What you are asked to do: Write out each line of the listing as it stands, without the images.

** Input for this task follows **

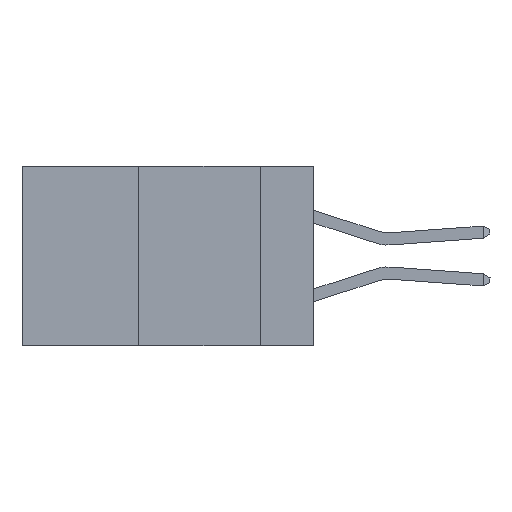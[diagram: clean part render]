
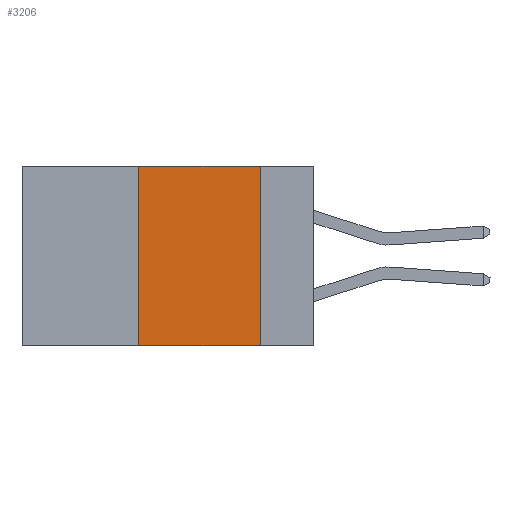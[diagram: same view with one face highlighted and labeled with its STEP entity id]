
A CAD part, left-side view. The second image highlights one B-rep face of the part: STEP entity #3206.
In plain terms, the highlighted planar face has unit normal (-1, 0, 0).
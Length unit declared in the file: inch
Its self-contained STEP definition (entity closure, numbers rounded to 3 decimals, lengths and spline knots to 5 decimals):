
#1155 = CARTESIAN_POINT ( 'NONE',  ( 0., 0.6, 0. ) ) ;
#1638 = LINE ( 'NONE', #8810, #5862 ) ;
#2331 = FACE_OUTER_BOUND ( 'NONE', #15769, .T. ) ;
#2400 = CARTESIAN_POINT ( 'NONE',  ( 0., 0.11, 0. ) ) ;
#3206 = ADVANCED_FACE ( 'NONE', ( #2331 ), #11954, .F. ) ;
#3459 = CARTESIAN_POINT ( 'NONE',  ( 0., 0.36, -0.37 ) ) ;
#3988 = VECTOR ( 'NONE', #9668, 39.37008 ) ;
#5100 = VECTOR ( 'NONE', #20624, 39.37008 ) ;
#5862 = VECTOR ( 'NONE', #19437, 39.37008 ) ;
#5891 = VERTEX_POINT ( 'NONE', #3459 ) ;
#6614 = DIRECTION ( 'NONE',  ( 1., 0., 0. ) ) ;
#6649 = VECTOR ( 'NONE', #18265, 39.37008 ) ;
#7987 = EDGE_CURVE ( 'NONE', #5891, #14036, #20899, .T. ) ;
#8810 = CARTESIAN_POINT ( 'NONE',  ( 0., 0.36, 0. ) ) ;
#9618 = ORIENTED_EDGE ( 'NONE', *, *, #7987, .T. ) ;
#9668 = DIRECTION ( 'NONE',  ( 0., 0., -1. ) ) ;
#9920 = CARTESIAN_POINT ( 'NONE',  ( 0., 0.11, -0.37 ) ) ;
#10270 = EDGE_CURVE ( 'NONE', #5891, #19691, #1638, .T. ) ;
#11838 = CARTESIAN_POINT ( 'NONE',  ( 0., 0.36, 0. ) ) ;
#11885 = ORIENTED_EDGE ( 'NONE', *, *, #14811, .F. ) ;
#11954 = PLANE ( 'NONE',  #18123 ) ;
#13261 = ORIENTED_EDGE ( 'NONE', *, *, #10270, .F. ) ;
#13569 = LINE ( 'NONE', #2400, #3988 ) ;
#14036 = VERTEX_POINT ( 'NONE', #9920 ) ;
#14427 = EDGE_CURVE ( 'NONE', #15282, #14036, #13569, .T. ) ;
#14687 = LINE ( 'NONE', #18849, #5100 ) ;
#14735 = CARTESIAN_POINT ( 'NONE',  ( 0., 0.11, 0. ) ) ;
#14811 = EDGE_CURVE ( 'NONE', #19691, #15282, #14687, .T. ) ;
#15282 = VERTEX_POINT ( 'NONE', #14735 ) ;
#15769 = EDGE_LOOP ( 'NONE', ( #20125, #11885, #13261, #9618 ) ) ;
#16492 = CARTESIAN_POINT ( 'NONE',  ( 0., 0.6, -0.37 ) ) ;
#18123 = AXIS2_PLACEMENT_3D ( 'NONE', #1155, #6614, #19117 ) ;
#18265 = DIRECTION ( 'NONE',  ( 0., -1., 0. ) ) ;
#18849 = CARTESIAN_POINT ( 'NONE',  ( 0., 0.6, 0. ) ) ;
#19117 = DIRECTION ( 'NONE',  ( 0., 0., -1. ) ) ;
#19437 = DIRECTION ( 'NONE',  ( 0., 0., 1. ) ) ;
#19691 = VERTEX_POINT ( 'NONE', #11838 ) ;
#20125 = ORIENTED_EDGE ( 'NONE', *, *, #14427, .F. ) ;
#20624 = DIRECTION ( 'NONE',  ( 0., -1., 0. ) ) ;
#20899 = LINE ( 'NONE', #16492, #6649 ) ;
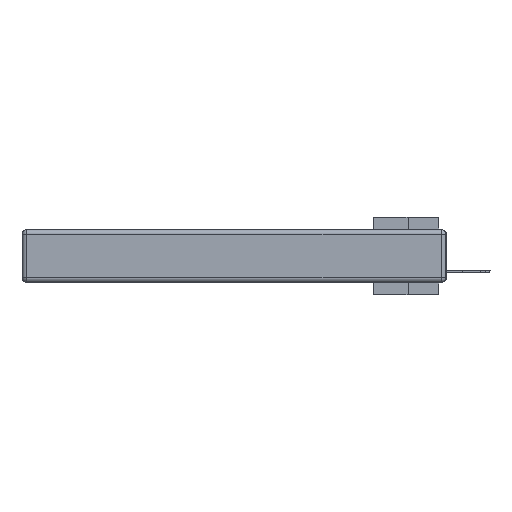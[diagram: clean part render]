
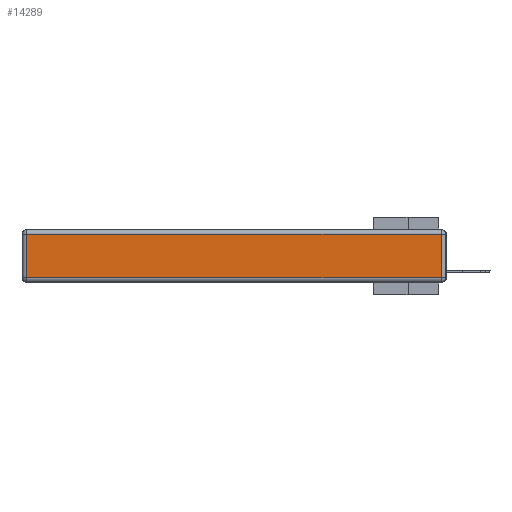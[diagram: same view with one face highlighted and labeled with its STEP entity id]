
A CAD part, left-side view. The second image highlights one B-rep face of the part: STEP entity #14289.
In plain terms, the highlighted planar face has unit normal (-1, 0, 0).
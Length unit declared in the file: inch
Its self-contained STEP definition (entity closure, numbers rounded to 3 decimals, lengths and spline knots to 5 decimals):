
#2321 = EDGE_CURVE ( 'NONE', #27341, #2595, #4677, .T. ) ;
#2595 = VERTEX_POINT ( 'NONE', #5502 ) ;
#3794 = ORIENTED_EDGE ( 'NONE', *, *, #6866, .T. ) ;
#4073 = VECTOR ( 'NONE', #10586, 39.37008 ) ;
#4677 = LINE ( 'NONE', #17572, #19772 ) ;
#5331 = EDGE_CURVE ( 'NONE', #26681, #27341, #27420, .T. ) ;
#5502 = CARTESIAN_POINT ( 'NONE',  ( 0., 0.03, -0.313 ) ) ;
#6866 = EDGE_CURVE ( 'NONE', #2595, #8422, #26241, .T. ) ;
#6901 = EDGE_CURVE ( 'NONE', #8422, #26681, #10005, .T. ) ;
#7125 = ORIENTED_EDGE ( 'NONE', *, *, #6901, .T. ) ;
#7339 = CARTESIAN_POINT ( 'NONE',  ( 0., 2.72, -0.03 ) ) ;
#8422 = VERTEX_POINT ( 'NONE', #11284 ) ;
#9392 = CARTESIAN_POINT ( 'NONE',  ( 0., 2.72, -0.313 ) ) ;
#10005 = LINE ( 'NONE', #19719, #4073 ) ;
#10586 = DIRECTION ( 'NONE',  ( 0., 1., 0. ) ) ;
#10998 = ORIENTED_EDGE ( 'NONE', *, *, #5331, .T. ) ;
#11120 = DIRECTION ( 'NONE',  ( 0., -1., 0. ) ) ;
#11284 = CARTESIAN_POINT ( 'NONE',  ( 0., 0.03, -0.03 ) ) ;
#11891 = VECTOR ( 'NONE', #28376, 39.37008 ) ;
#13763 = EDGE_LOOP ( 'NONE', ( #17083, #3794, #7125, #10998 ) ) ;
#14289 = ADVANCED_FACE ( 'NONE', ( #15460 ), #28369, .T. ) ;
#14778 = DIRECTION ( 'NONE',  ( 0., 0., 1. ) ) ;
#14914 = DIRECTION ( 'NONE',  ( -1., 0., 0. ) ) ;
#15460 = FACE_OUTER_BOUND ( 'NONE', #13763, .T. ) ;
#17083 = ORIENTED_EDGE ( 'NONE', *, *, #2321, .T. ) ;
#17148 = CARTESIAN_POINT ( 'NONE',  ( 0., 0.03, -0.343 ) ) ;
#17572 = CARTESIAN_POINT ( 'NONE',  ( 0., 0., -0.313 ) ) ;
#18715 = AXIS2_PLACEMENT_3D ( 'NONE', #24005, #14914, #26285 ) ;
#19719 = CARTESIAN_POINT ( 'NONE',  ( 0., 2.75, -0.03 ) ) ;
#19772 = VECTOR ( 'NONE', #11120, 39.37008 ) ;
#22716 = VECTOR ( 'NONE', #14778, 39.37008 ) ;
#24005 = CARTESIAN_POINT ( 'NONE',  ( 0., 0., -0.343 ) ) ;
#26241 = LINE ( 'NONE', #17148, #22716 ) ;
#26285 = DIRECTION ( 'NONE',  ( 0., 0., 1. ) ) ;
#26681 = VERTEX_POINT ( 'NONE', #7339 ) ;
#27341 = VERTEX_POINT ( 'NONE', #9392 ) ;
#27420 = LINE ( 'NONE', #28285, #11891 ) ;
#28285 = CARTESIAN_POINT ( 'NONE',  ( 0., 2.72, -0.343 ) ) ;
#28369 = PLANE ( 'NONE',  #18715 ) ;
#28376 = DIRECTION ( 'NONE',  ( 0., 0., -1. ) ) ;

** End of Input for this task **

Answer box:
[diagram: clean part render]
[diagram: same view with one face highlighted and labeled with its STEP entity id]
A CAD part, left-side view. The second image highlights one B-rep face of the part: STEP entity #3206.
In plain terms, the highlighted planar face has unit normal (-1, 0, 0).
Length unit declared in the file: inch
Its self-contained STEP definition (entity closure, numbers rounded to 3 decimals, lengths and spline knots to 5 decimals):
#1155 = CARTESIAN_POINT ( 'NONE',  ( 0., 0.6, 0. ) ) ;
#1638 = LINE ( 'NONE', #8810, #5862 ) ;
#2331 = FACE_OUTER_BOUND ( 'NONE', #15769, .T. ) ;
#2400 = CARTESIAN_POINT ( 'NONE',  ( 0., 0.11, 0. ) ) ;
#3206 = ADVANCED_FACE ( 'NONE', ( #2331 ), #11954, .F. ) ;
#3459 = CARTESIAN_POINT ( 'NONE',  ( 0., 0.36, -0.37 ) ) ;
#3988 = VECTOR ( 'NONE', #9668, 39.37008 ) ;
#5100 = VECTOR ( 'NONE', #20624, 39.37008 ) ;
#5862 = VECTOR ( 'NONE', #19437, 39.37008 ) ;
#5891 = VERTEX_POINT ( 'NONE', #3459 ) ;
#6614 = DIRECTION ( 'NONE',  ( 1., 0., 0. ) ) ;
#6649 = VECTOR ( 'NONE', #18265, 39.37008 ) ;
#7987 = EDGE_CURVE ( 'NONE', #5891, #14036, #20899, .T. ) ;
#8810 = CARTESIAN_POINT ( 'NONE',  ( 0., 0.36, 0. ) ) ;
#9618 = ORIENTED_EDGE ( 'NONE', *, *, #7987, .T. ) ;
#9668 = DIRECTION ( 'NONE',  ( 0., 0., -1. ) ) ;
#9920 = CARTESIAN_POINT ( 'NONE',  ( 0., 0.11, -0.37 ) ) ;
#10270 = EDGE_CURVE ( 'NONE', #5891, #19691, #1638, .T. ) ;
#11838 = CARTESIAN_POINT ( 'NONE',  ( 0., 0.36, 0. ) ) ;
#11885 = ORIENTED_EDGE ( 'NONE', *, *, #14811, .F. ) ;
#11954 = PLANE ( 'NONE',  #18123 ) ;
#13261 = ORIENTED_EDGE ( 'NONE', *, *, #10270, .F. ) ;
#13569 = LINE ( 'NONE', #2400, #3988 ) ;
#14036 = VERTEX_POINT ( 'NONE', #9920 ) ;
#14427 = EDGE_CURVE ( 'NONE', #15282, #14036, #13569, .T. ) ;
#14687 = LINE ( 'NONE', #18849, #5100 ) ;
#14735 = CARTESIAN_POINT ( 'NONE',  ( 0., 0.11, 0. ) ) ;
#14811 = EDGE_CURVE ( 'NONE', #19691, #15282, #14687, .T. ) ;
#15282 = VERTEX_POINT ( 'NONE', #14735 ) ;
#15769 = EDGE_LOOP ( 'NONE', ( #20125, #11885, #13261, #9618 ) ) ;
#16492 = CARTESIAN_POINT ( 'NONE',  ( 0., 0.6, -0.37 ) ) ;
#18123 = AXIS2_PLACEMENT_3D ( 'NONE', #1155, #6614, #19117 ) ;
#18265 = DIRECTION ( 'NONE',  ( 0., -1., 0. ) ) ;
#18849 = CARTESIAN_POINT ( 'NONE',  ( 0., 0.6, 0. ) ) ;
#19117 = DIRECTION ( 'NONE',  ( 0., 0., -1. ) ) ;
#19437 = DIRECTION ( 'NONE',  ( 0., 0., 1. ) ) ;
#19691 = VERTEX_POINT ( 'NONE', #11838 ) ;
#20125 = ORIENTED_EDGE ( 'NONE', *, *, #14427, .F. ) ;
#20624 = DIRECTION ( 'NONE',  ( 0., -1., 0. ) ) ;
#20899 = LINE ( 'NONE', #16492, #6649 ) ;
[diagram: clean part render]
[diagram: same view with one face highlighted and labeled with its STEP entity id]
A CAD part, left-side view. The second image highlights one B-rep face of the part: STEP entity #14289.
In plain terms, the highlighted planar face has unit normal (-1, 0, 0).
Length unit declared in the file: inch
Its self-contained STEP definition (entity closure, numbers rounded to 3 decimals, lengths and spline knots to 5 decimals):
#2321 = EDGE_CURVE ( 'NONE', #27341, #2595, #4677, .T. ) ;
#2595 = VERTEX_POINT ( 'NONE', #5502 ) ;
#3794 = ORIENTED_EDGE ( 'NONE', *, *, #6866, .T. ) ;
#4073 = VECTOR ( 'NONE', #10586, 39.37008 ) ;
#4677 = LINE ( 'NONE', #17572, #19772 ) ;
#5331 = EDGE_CURVE ( 'NONE', #26681, #27341, #27420, .T. ) ;
#5502 = CARTESIAN_POINT ( 'NONE',  ( 0., 0.03, -0.313 ) ) ;
#6866 = EDGE_CURVE ( 'NONE', #2595, #8422, #26241, .T. ) ;
#6901 = EDGE_CURVE ( 'NONE', #8422, #26681, #10005, .T. ) ;
#7125 = ORIENTED_EDGE ( 'NONE', *, *, #6901, .T. ) ;
#7339 = CARTESIAN_POINT ( 'NONE',  ( 0., 2.72, -0.03 ) ) ;
#8422 = VERTEX_POINT ( 'NONE', #11284 ) ;
#9392 = CARTESIAN_POINT ( 'NONE',  ( 0., 2.72, -0.313 ) ) ;
#10005 = LINE ( 'NONE', #19719, #4073 ) ;
#10586 = DIRECTION ( 'NONE',  ( 0., 1., 0. ) ) ;
#10998 = ORIENTED_EDGE ( 'NONE', *, *, #5331, .T. ) ;
#11120 = DIRECTION ( 'NONE',  ( 0., -1., 0. ) ) ;
#11284 = CARTESIAN_POINT ( 'NONE',  ( 0., 0.03, -0.03 ) ) ;
#11891 = VECTOR ( 'NONE', #28376, 39.37008 ) ;
#13763 = EDGE_LOOP ( 'NONE', ( #17083, #3794, #7125, #10998 ) ) ;
#14289 = ADVANCED_FACE ( 'NONE', ( #15460 ), #28369, .T. ) ;
#14778 = DIRECTION ( 'NONE',  ( 0., 0., 1. ) ) ;
#14914 = DIRECTION ( 'NONE',  ( -1., 0., 0. ) ) ;
#15460 = FACE_OUTER_BOUND ( 'NONE', #13763, .T. ) ;
#17083 = ORIENTED_EDGE ( 'NONE', *, *, #2321, .T. ) ;
#17148 = CARTESIAN_POINT ( 'NONE',  ( 0., 0.03, -0.343 ) ) ;
#17572 = CARTESIAN_POINT ( 'NONE',  ( 0., 0., -0.313 ) ) ;
#18715 = AXIS2_PLACEMENT_3D ( 'NONE', #24005, #14914, #26285 ) ;
#19719 = CARTESIAN_POINT ( 'NONE',  ( 0., 2.75, -0.03 ) ) ;
#19772 = VECTOR ( 'NONE', #11120, 39.37008 ) ;
#22716 = VECTOR ( 'NONE', #14778, 39.37008 ) ;
#24005 = CARTESIAN_POINT ( 'NONE',  ( 0., 0., -0.343 ) ) ;
#26241 = LINE ( 'NONE', #17148, #22716 ) ;
#26285 = DIRECTION ( 'NONE',  ( 0., 0., 1. ) ) ;
#26681 = VERTEX_POINT ( 'NONE', #7339 ) ;
#27341 = VERTEX_POINT ( 'NONE', #9392 ) ;
#27420 = LINE ( 'NONE', #28285, #11891 ) ;
#28285 = CARTESIAN_POINT ( 'NONE',  ( 0., 2.72, -0.343 ) ) ;
#28369 = PLANE ( 'NONE',  #18715 ) ;
#28376 = DIRECTION ( 'NONE',  ( 0., 0., -1. ) ) ;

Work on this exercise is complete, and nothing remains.